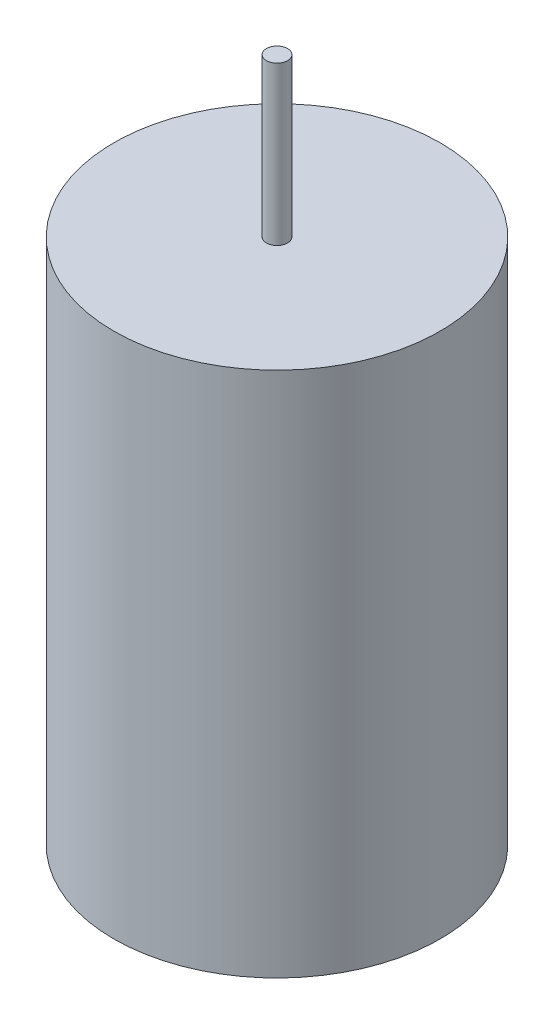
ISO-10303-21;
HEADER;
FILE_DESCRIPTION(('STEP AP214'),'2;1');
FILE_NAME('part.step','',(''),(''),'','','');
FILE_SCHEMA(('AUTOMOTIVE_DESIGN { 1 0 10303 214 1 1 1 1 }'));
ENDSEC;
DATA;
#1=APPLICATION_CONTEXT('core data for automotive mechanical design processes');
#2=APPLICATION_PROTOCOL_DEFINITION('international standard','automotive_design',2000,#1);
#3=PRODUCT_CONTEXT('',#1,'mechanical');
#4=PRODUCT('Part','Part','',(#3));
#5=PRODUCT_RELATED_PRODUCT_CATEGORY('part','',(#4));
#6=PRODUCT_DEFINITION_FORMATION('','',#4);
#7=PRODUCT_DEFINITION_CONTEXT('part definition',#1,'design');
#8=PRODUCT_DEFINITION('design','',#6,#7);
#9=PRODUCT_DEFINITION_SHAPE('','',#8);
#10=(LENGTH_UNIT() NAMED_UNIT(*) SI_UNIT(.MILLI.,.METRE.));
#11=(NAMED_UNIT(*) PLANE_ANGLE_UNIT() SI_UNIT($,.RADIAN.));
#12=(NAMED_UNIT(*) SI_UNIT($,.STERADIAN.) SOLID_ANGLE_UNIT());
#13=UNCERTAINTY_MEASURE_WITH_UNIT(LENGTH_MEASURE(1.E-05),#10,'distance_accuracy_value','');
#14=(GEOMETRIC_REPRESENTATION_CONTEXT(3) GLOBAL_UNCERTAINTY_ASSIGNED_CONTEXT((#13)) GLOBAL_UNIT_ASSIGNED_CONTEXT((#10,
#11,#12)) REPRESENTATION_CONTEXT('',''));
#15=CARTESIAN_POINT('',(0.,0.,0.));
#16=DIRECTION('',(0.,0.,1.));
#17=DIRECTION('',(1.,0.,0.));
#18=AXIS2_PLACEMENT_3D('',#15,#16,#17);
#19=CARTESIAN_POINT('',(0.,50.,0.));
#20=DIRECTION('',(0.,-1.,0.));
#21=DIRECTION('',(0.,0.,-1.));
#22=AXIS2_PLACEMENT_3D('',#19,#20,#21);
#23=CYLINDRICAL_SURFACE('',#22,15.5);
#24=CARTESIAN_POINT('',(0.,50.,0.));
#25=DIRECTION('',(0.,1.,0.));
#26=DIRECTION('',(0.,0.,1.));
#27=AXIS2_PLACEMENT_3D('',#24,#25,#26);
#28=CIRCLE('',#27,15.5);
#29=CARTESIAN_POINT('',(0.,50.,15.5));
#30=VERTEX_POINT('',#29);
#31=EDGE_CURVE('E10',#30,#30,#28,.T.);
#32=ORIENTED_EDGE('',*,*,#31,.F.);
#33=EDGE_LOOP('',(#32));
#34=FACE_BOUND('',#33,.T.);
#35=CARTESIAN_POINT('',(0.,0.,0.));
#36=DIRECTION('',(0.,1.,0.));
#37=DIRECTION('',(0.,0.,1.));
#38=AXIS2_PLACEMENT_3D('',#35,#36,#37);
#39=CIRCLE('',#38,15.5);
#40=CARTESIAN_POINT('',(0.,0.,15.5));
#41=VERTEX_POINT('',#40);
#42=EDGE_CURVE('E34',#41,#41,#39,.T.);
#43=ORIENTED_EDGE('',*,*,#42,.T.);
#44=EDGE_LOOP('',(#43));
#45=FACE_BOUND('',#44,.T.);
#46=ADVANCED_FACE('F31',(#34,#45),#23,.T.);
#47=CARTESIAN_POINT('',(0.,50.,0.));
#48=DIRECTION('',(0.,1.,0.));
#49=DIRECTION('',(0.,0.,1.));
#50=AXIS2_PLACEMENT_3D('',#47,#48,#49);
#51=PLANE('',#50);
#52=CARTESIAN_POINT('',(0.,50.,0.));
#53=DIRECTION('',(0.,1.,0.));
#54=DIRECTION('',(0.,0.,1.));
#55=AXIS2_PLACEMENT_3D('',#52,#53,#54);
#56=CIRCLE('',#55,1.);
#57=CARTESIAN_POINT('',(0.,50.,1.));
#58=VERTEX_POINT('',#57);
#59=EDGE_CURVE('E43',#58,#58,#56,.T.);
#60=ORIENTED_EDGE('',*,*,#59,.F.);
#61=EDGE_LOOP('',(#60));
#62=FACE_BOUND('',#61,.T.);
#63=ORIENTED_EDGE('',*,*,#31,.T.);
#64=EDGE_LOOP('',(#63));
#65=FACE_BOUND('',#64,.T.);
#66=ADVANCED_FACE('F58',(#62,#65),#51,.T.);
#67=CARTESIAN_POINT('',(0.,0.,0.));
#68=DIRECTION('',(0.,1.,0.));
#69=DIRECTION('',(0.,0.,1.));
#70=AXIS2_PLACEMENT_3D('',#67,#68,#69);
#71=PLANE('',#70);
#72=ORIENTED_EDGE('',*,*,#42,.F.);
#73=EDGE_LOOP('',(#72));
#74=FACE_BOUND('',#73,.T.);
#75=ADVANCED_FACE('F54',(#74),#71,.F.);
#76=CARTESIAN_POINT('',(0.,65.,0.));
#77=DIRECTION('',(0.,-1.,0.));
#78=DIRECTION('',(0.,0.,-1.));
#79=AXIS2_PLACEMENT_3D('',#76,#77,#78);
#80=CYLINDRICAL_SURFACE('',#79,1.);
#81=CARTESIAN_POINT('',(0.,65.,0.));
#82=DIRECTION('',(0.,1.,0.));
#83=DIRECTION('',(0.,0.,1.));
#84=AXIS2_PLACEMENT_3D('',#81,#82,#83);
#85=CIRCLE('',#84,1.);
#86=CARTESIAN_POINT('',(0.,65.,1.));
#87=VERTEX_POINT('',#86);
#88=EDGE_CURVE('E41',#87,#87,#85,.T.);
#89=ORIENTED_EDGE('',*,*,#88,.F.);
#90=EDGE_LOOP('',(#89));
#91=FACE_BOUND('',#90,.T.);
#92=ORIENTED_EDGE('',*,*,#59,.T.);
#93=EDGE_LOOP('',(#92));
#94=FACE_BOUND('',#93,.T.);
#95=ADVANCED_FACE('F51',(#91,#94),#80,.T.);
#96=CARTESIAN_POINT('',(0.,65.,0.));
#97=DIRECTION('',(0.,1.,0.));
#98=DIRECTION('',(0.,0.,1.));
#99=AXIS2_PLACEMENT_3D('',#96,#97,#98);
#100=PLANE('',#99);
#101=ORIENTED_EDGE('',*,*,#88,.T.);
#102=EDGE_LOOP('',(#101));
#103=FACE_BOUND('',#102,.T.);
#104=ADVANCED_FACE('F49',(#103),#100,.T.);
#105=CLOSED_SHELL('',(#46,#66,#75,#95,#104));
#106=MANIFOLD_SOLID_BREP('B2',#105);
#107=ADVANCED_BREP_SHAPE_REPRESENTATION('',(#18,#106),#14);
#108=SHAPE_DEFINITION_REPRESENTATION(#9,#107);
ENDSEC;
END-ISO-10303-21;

**What the exercise asks**
In full and without changes, repeat the listing above, but not its pictures.

**Solution below**
ISO-10303-21;
HEADER;
FILE_DESCRIPTION(('STEP AP214'),'2;1');
FILE_NAME('part.step','',(''),(''),'','','');
FILE_SCHEMA(('AUTOMOTIVE_DESIGN { 1 0 10303 214 1 1 1 1 }'));
ENDSEC;
DATA;
#1=APPLICATION_CONTEXT('core data for automotive mechanical design processes');
#2=APPLICATION_PROTOCOL_DEFINITION('international standard','automotive_design',2000,#1);
#3=PRODUCT_CONTEXT('',#1,'mechanical');
#4=PRODUCT('Part','Part','',(#3));
#5=PRODUCT_RELATED_PRODUCT_CATEGORY('part','',(#4));
#6=PRODUCT_DEFINITION_FORMATION('','',#4);
#7=PRODUCT_DEFINITION_CONTEXT('part definition',#1,'design');
#8=PRODUCT_DEFINITION('design','',#6,#7);
#9=PRODUCT_DEFINITION_SHAPE('','',#8);
#10=(LENGTH_UNIT() NAMED_UNIT(*) SI_UNIT(.MILLI.,.METRE.));
#11=(NAMED_UNIT(*) PLANE_ANGLE_UNIT() SI_UNIT($,.RADIAN.));
#12=(NAMED_UNIT(*) SI_UNIT($,.STERADIAN.) SOLID_ANGLE_UNIT());
#13=UNCERTAINTY_MEASURE_WITH_UNIT(LENGTH_MEASURE(1.E-05),#10,'distance_accuracy_value','');
#14=(GEOMETRIC_REPRESENTATION_CONTEXT(3) GLOBAL_UNCERTAINTY_ASSIGNED_CONTEXT((#13)) GLOBAL_UNIT_ASSIGNED_CONTEXT((#10,
#11,#12)) REPRESENTATION_CONTEXT('',''));
#15=CARTESIAN_POINT('',(0.,0.,0.));
#16=DIRECTION('',(0.,0.,1.));
#17=DIRECTION('',(1.,0.,0.));
#18=AXIS2_PLACEMENT_3D('',#15,#16,#17);
#19=CARTESIAN_POINT('',(0.,50.,0.));
#20=DIRECTION('',(0.,-1.,0.));
#21=DIRECTION('',(0.,0.,-1.));
#22=AXIS2_PLACEMENT_3D('',#19,#20,#21);
#23=CYLINDRICAL_SURFACE('',#22,15.5);
#24=CARTESIAN_POINT('',(0.,50.,0.));
#25=DIRECTION('',(0.,1.,0.));
#26=DIRECTION('',(0.,0.,1.));
#27=AXIS2_PLACEMENT_3D('',#24,#25,#26);
#28=CIRCLE('',#27,15.5);
#29=CARTESIAN_POINT('',(0.,50.,15.5));
#30=VERTEX_POINT('',#29);
#31=EDGE_CURVE('E10',#30,#30,#28,.T.);
#32=ORIENTED_EDGE('',*,*,#31,.F.);
#33=EDGE_LOOP('',(#32));
#34=FACE_BOUND('',#33,.T.);
#35=CARTESIAN_POINT('',(0.,0.,0.));
#36=DIRECTION('',(0.,1.,0.));
#37=DIRECTION('',(0.,0.,1.));
#38=AXIS2_PLACEMENT_3D('',#35,#36,#37);
#39=CIRCLE('',#38,15.5);
#40=CARTESIAN_POINT('',(0.,0.,15.5));
#41=VERTEX_POINT('',#40);
#42=EDGE_CURVE('E34',#41,#41,#39,.T.);
#43=ORIENTED_EDGE('',*,*,#42,.T.);
#44=EDGE_LOOP('',(#43));
#45=FACE_BOUND('',#44,.T.);
#46=ADVANCED_FACE('F31',(#34,#45),#23,.T.);
#47=CARTESIAN_POINT('',(0.,50.,0.));
#48=DIRECTION('',(0.,1.,0.));
#49=DIRECTION('',(0.,0.,1.));
#50=AXIS2_PLACEMENT_3D('',#47,#48,#49);
#51=PLANE('',#50);
#52=CARTESIAN_POINT('',(0.,50.,0.));
#53=DIRECTION('',(0.,1.,0.));
#54=DIRECTION('',(0.,0.,1.));
#55=AXIS2_PLACEMENT_3D('',#52,#53,#54);
#56=CIRCLE('',#55,1.);
#57=CARTESIAN_POINT('',(0.,50.,1.));
#58=VERTEX_POINT('',#57);
#59=EDGE_CURVE('E43',#58,#58,#56,.T.);
#60=ORIENTED_EDGE('',*,*,#59,.F.);
#61=EDGE_LOOP('',(#60));
#62=FACE_BOUND('',#61,.T.);
#63=ORIENTED_EDGE('',*,*,#31,.T.);
#64=EDGE_LOOP('',(#63));
#65=FACE_BOUND('',#64,.T.);
#66=ADVANCED_FACE('F58',(#62,#65),#51,.T.);
#67=CARTESIAN_POINT('',(0.,0.,0.));
#68=DIRECTION('',(0.,1.,0.));
#69=DIRECTION('',(0.,0.,1.));
#70=AXIS2_PLACEMENT_3D('',#67,#68,#69);
#71=PLANE('',#70);
#72=ORIENTED_EDGE('',*,*,#42,.F.);
#73=EDGE_LOOP('',(#72));
#74=FACE_BOUND('',#73,.T.);
#75=ADVANCED_FACE('F54',(#74),#71,.F.);
#76=CARTESIAN_POINT('',(0.,65.,0.));
#77=DIRECTION('',(0.,-1.,0.));
#78=DIRECTION('',(0.,0.,-1.));
#79=AXIS2_PLACEMENT_3D('',#76,#77,#78);
#80=CYLINDRICAL_SURFACE('',#79,1.);
#81=CARTESIAN_POINT('',(0.,65.,0.));
#82=DIRECTION('',(0.,1.,0.));
#83=DIRECTION('',(0.,0.,1.));
#84=AXIS2_PLACEMENT_3D('',#81,#82,#83);
#85=CIRCLE('',#84,1.);
#86=CARTESIAN_POINT('',(0.,65.,1.));
#87=VERTEX_POINT('',#86);
#88=EDGE_CURVE('E41',#87,#87,#85,.T.);
#89=ORIENTED_EDGE('',*,*,#88,.F.);
#90=EDGE_LOOP('',(#89));
#91=FACE_BOUND('',#90,.T.);
#92=ORIENTED_EDGE('',*,*,#59,.T.);
#93=EDGE_LOOP('',(#92));
#94=FACE_BOUND('',#93,.T.);
#95=ADVANCED_FACE('F51',(#91,#94),#80,.T.);
#96=CARTESIAN_POINT('',(0.,65.,0.));
#97=DIRECTION('',(0.,1.,0.));
#98=DIRECTION('',(0.,0.,1.));
#99=AXIS2_PLACEMENT_3D('',#96,#97,#98);
#100=PLANE('',#99);
#101=ORIENTED_EDGE('',*,*,#88,.T.);
#102=EDGE_LOOP('',(#101));
#103=FACE_BOUND('',#102,.T.);
#104=ADVANCED_FACE('F49',(#103),#100,.T.);
#105=CLOSED_SHELL('',(#46,#66,#75,#95,#104));
#106=MANIFOLD_SOLID_BREP('B2',#105);
#107=ADVANCED_BREP_SHAPE_REPRESENTATION('',(#18,#106),#14);
#108=SHAPE_DEFINITION_REPRESENTATION(#9,#107);
ENDSEC;
END-ISO-10303-21;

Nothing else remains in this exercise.